Exercise: Quote the entries word for word. Omit the pictures.

--- Excerpted records Enclosed Below ---

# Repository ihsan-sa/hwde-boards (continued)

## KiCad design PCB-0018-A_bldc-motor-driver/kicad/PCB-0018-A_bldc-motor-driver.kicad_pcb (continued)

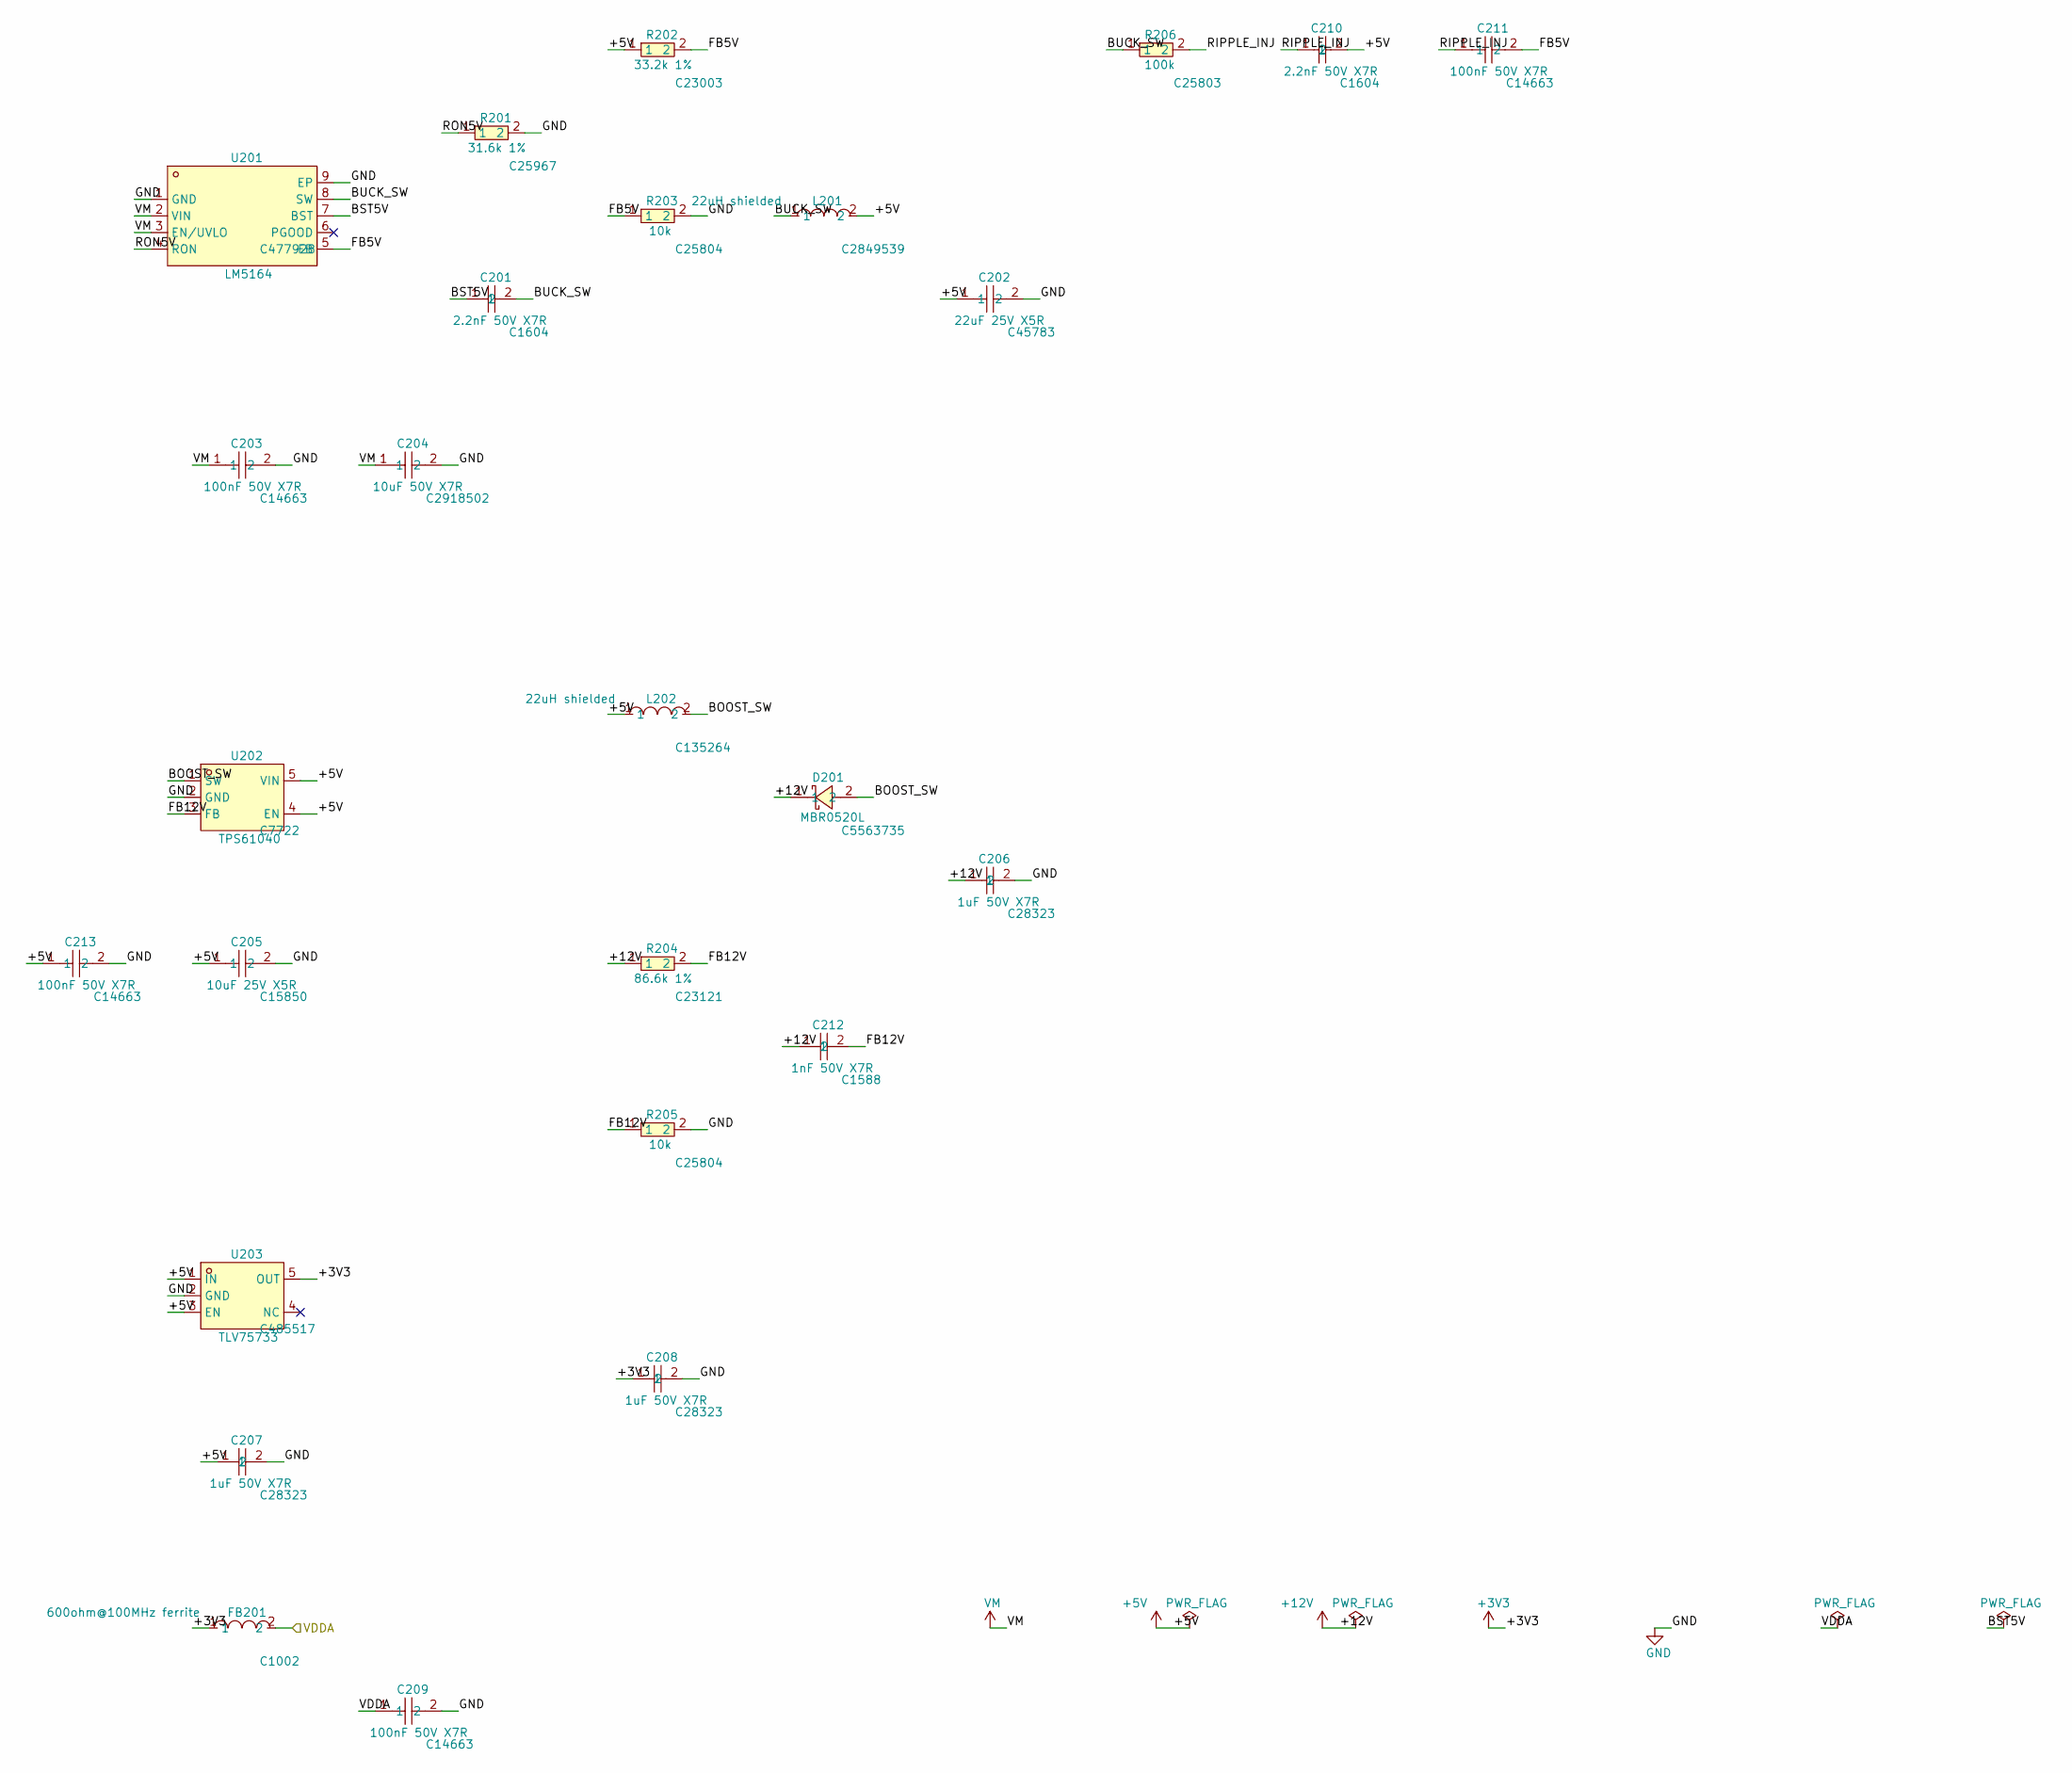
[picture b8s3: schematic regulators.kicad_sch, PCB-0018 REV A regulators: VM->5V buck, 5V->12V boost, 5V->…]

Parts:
C201, C210: 2.2nF 50V X7R; C0603; LCSC C1604
C202: 22uF 25V X5R; C0805; LCSC C45783
C203, C209, C211, C213: 100nF 50V X7R; C0603; LCSC C14663
C204: 10uF 50V X7R; C1210; LCSC C2918502
C205: 10uF 25V X5R; C0805; LCSC C15850
C206, C207, C208: 1uF 50V X7R; C0805; LCSC C28323
C212: 1nF 50V X7R; C0603; LCSC C1588
D201: MBR0520L; SOD-123_L2.7-W1.6-LS3.7-RD-1; LCSC C5563735
FB201: 600ohm@100MHz ferrite; R0603; LCSC C1002
L201: 22uH shielded; IND-SMD_L6.0-W6.0; LCSC C2849539
L202: 22uH shielded; IND-SMD_L4.0-W4.0_LQH44PN2R2MP0L; LCSC C135264
R201: 31.6k 1%; R0603; LCSC C25967
R202: 33.2k 1%; R0603; LCSC C23003
R203, R205: 10k; R0603; LCSC C25804
R204: 86.6k 1%; R0603; LCSC C23121
R206: 100k; R0603; LCSC C25803
U201: LM5164; SO-8_L4.9-W3.9-P1.27-LS6.0-BL-EP; LCSC C477928
U202: TPS61040; SOT-23-5_L2.9-W1.6-P0.95-LS2.8-BL; LCSC C7722
U203: TLV75733; SOT-23-5_L2.9-W1.6-P0.95-LS2.8-BL; LCSC C485517

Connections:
+3V3: C208.1, FB201.1, U203.5 (OUT); also elsewhere on the board
+5V: C202.1, C205.1, C207.1, C210.2, C213.1, L201.2, L202.1, R202.1, U202.4 (EN), U202.5 (VIN), U203.1 (IN), U203.3 (EN); also elsewhere on the board
+12V: C206.1, C212.1, D201.1, R204.1; also elsewhere on the board
/VDDA: C209.1, FB201.2; also elsewhere on the board
/regulators/BOOST_SW: D201.2, L202.2, U202.1 (SW)
/regulators/BST5V: C201.1, U201.7 (BST)
/regulators/BUCK_SW: C201.2, L201.1, R206.1, U201.8 (SW)
/regulators/FB5V: C211.2, R202.2, R203.1, U201.5 (FB)
/regulators/FB12V: C212.2, R204.2, R205.1, U202.3 (FB)
/regulators/RIPPLE_INJ: C210.1, C211.1, R206.2
/regulators/RON5V: R201.1, U201.4 (RON)
GND: C202.2, C203.2, C204.2, C205.2, C206.2, C207.2, C208.2, C209.2, C213.2, R201.2, R203.2, R205.2, U201.1 (GND), U201.9 (EP), U202.2 (GND), U203.2 (GND); also elsewhere on the board
VM: C203.1, C204.1, U201.2 (VIN), U201.3 (EN/UVLO); also elsewhere on the board

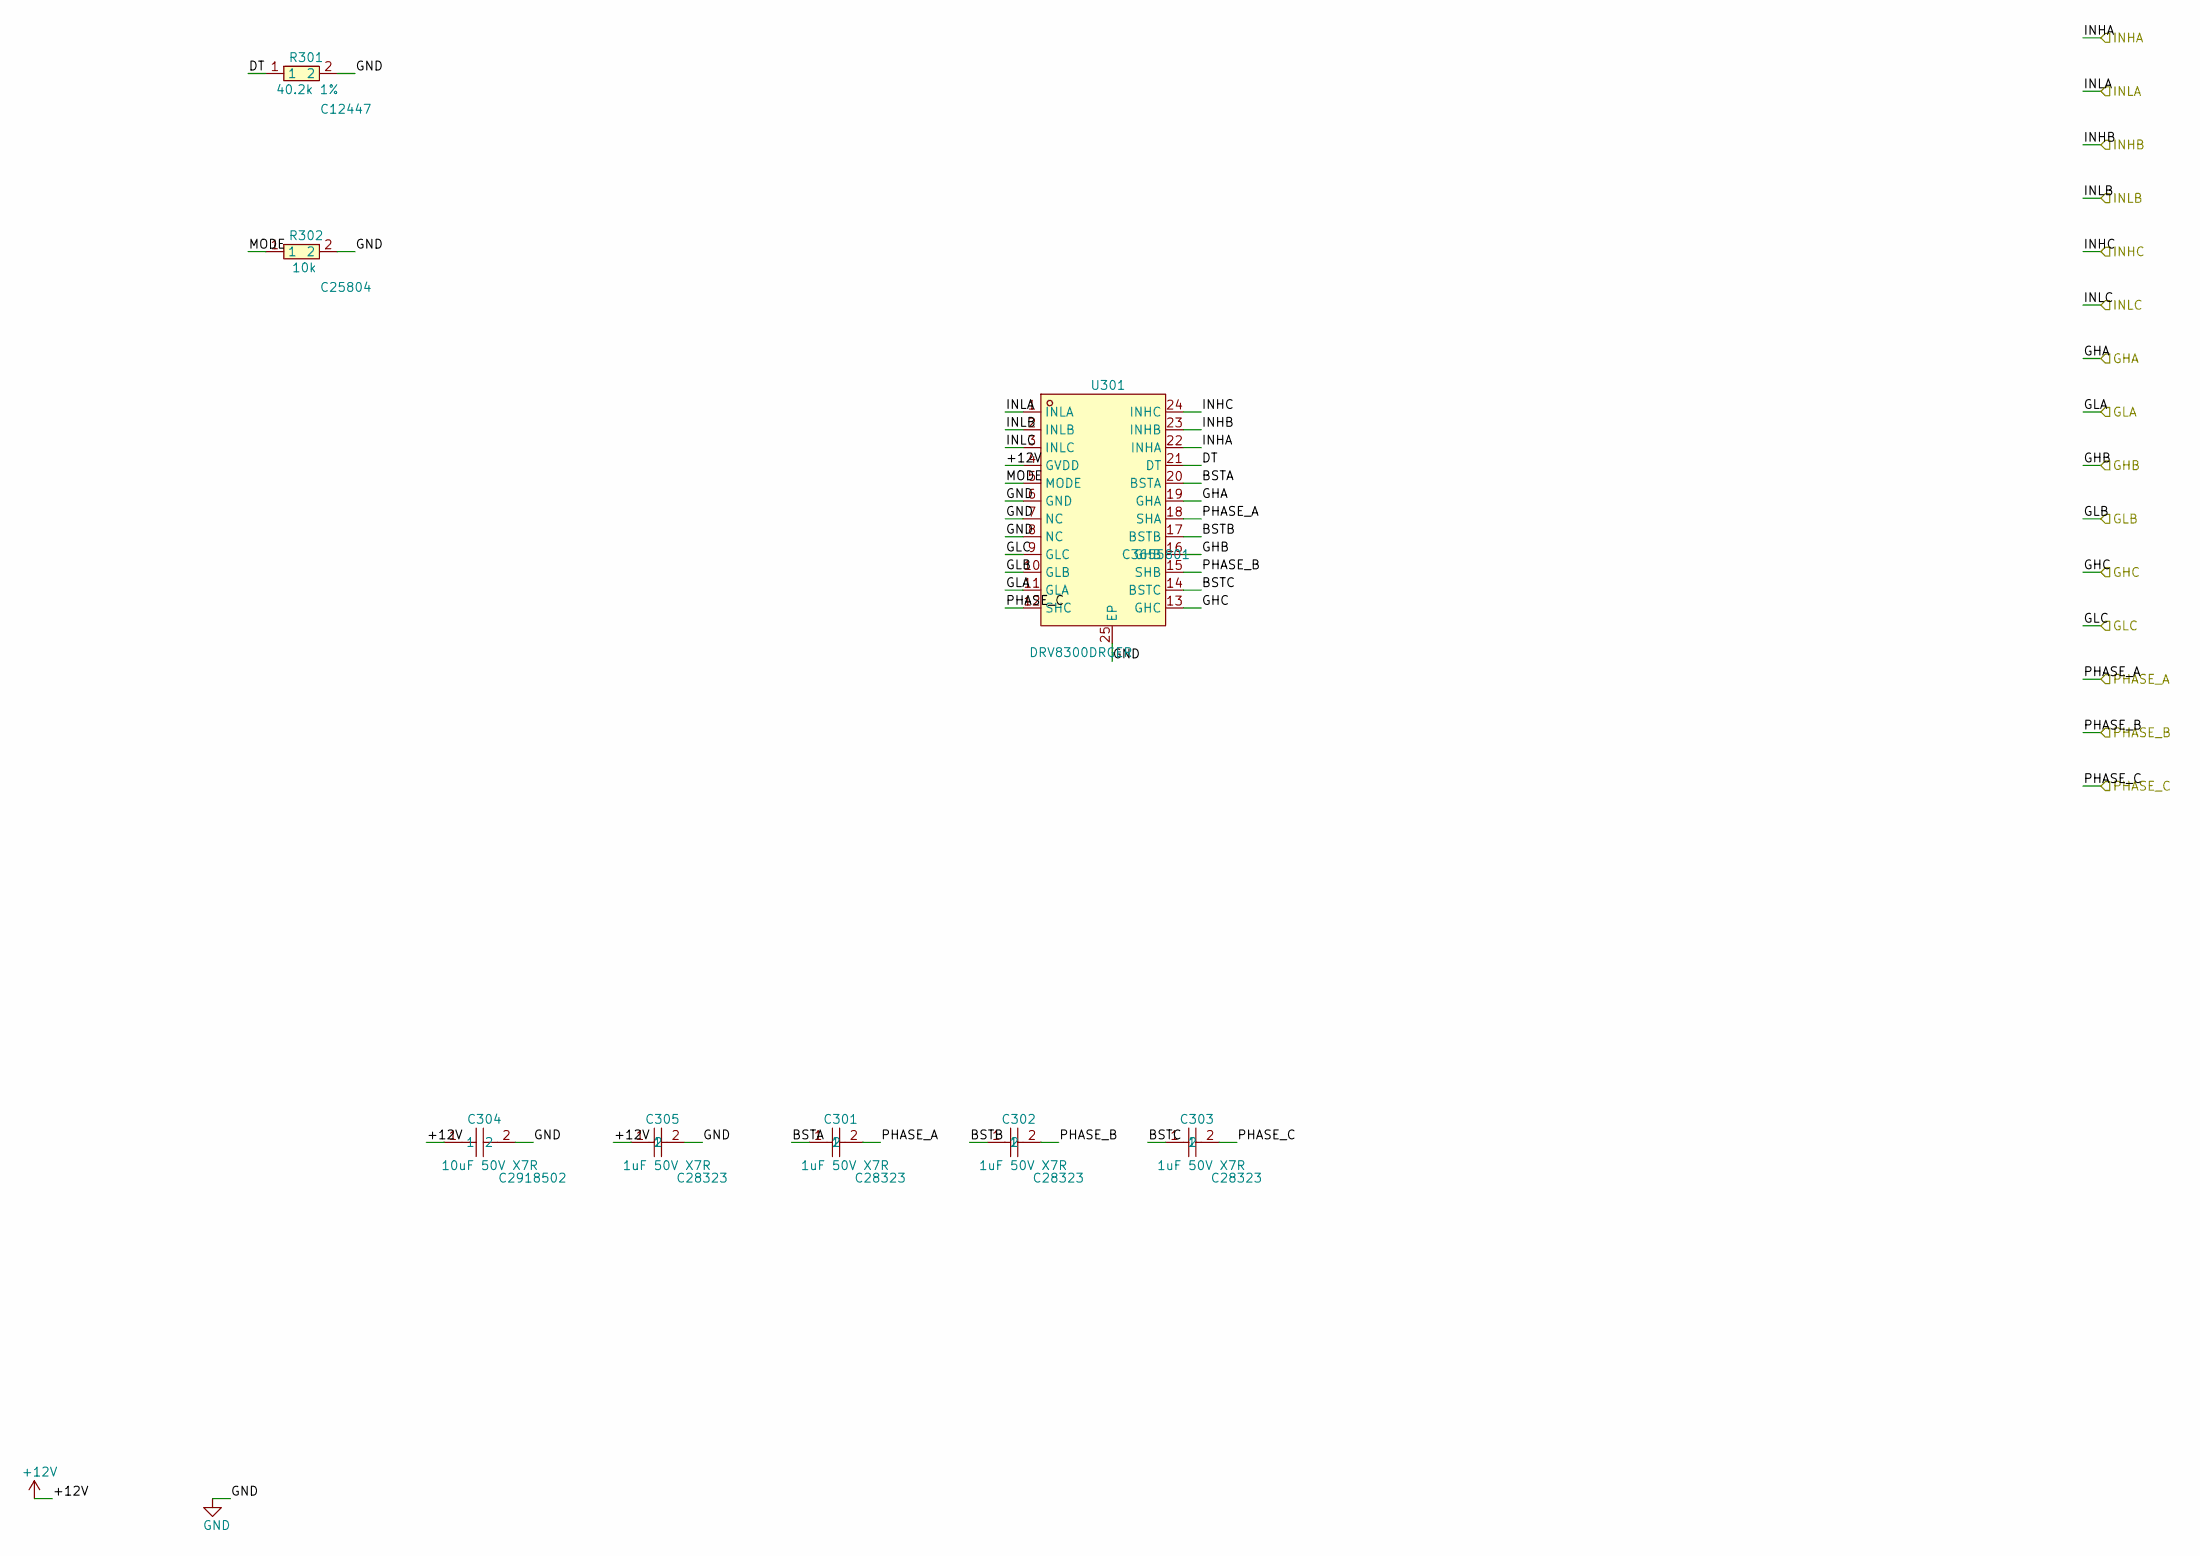
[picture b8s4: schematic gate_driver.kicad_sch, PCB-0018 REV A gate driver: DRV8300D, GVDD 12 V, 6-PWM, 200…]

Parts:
C301, C302, C303, C305: 1uF 50V X7R; C0805; LCSC C28323
C304: 10uF 50V X7R; C1210; LCSC C2918502
R301: 40.2k 1%; R0603; LCSC C12447
R302: 10k; R0603; LCSC C25804
U301: DRV8300DRGER; VQFN-24_L4.0-W4.0-P0.50-TL-EP2.5; LCSC C3655801

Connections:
+12V: C304.1, C305.1, U301.4 (GVDD); also elsewhere on the board
/GHA: U301.19 (GHA); also elsewhere on the board
/GHB: U301.16 (GHB); also elsewhere on the board
/GHC: U301.13 (GHC); also elsewhere on the board
/GLA: U301.11 (GLA); also elsewhere on the board
/GLB: U301.10 (GLB); also elsewhere on the board
/GLC: U301.9 (GLC); also elsewhere on the board
/INHA: U301.22 (INHA); also elsewhere on the board
/INHB: U301.23 (INHB); also elsewhere on the board
/INHC: U301.24 (INHC); also elsewhere on the board
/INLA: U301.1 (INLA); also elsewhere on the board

--- End of Enclosed Excerpted records ---

Answer to the exercise:
# Repository ihsan-sa/hwde-boards (continued)

## KiCad design PCB-0018-A_bldc-motor-driver/kicad/PCB-0018-A_bldc-motor-driver.kicad_pcb (continued)

[picture b8s3: schematic regulators.kicad_sch, PCB-0018 REV A regulators: VM->5V buck, 5V->12V boost, 5V->…]

Parts:
C201, C210: 2.2nF 50V X7R; C0603; LCSC C1604
C202: 22uF 25V X5R; C0805; LCSC C45783
C203, C209, C211, C213: 100nF 50V X7R; C0603; LCSC C14663
C204: 10uF 50V X7R; C1210; LCSC C2918502
C205: 10uF 25V X5R; C0805; LCSC C15850
C206, C207, C208: 1uF 50V X7R; C0805; LCSC C28323
C212: 1nF 50V X7R; C0603; LCSC C1588
D201: MBR0520L; SOD-123_L2.7-W1.6-LS3.7-RD-1; LCSC C5563735
FB201: 600ohm@100MHz ferrite; R0603; LCSC C1002
L201: 22uH shielded; IND-SMD_L6.0-W6.0; LCSC C2849539
L202: 22uH shielded; IND-SMD_L4.0-W4.0_LQH44PN2R2MP0L; LCSC C135264
R201: 31.6k 1%; R0603; LCSC C25967
R202: 33.2k 1%; R0603; LCSC C23003
R203, R205: 10k; R0603; LCSC C25804
R204: 86.6k 1%; R0603; LCSC C23121
R206: 100k; R0603; LCSC C25803
U201: LM5164; SO-8_L4.9-W3.9-P1.27-LS6.0-BL-EP; LCSC C477928
U202: TPS61040; SOT-23-5_L2.9-W1.6-P0.95-LS2.8-BL; LCSC C7722
U203: TLV75733; SOT-23-5_L2.9-W1.6-P0.95-LS2.8-BL; LCSC C485517

Connections:
+3V3: C208.1, FB201.1, U203.5 (OUT); also elsewhere on the board
+5V: C202.1, C205.1, C207.1, C210.2, C213.1, L201.2, L202.1, R202.1, U202.4 (EN), U202.5 (VIN), U203.1 (IN), U203.3 (EN); also elsewhere on the board
+12V: C206.1, C212.1, D201.1, R204.1; also elsewhere on the board
/VDDA: C209.1, FB201.2; also elsewhere on the board
/regulators/BOOST_SW: D201.2, L202.2, U202.1 (SW)
/regulators/BST5V: C201.1, U201.7 (BST)
/regulators/BUCK_SW: C201.2, L201.1, R206.1, U201.8 (SW)
/regulators/FB5V: C211.2, R202.2, R203.1, U201.5 (FB)
/regulators/FB12V: C212.2, R204.2, R205.1, U202.3 (FB)
/regulators/RIPPLE_INJ: C210.1, C211.1, R206.2
/regulators/RON5V: R201.1, U201.4 (RON)
GND: C202.2, C203.2, C204.2, C205.2, C206.2, C207.2, C208.2, C209.2, C213.2, R201.2, R203.2, R205.2, U201.1 (GND), U201.9 (EP), U202.2 (GND), U203.2 (GND); also elsewhere on the board
VM: C203.1, C204.1, U201.2 (VIN), U201.3 (EN/UVLO); also elsewhere on the board

[picture b8s4: schematic gate_driver.kicad_sch, PCB-0018 REV A gate driver: DRV8300D, GVDD 12 V, 6-PWM, 200…]

Parts:
C301, C302, C303, C305: 1uF 50V X7R; C0805; LCSC C28323
C304: 10uF 50V X7R; C1210; LCSC C2918502
R301: 40.2k 1%; R0603; LCSC C12447
R302: 10k; R0603; LCSC C25804
U301: DRV8300DRGER; VQFN-24_L4.0-W4.0-P0.50-TL-EP2.5; LCSC C3655801

Connections:
+12V: C304.1, C305.1, U301.4 (GVDD); also elsewhere on the board
/GHA: U301.19 (GHA); also elsewhere on the board
/GHB: U301.16 (GHB); also elsewhere on the board
/GHC: U301.13 (GHC); also elsewhere on the board
/GLA: U301.11 (GLA); also elsewhere on the board
/GLB: U301.10 (GLB); also elsewhere on the board
/GLC: U301.9 (GLC); also elsewhere on the board
/INHA: U301.22 (INHA); also elsewhere on the board
/INHB: U301.23 (INHB); also elsewhere on the board
/INHC: U301.24 (INHC); also elsewhere on the board
/INLA: U301.1 (INLA); also elsewhere on the board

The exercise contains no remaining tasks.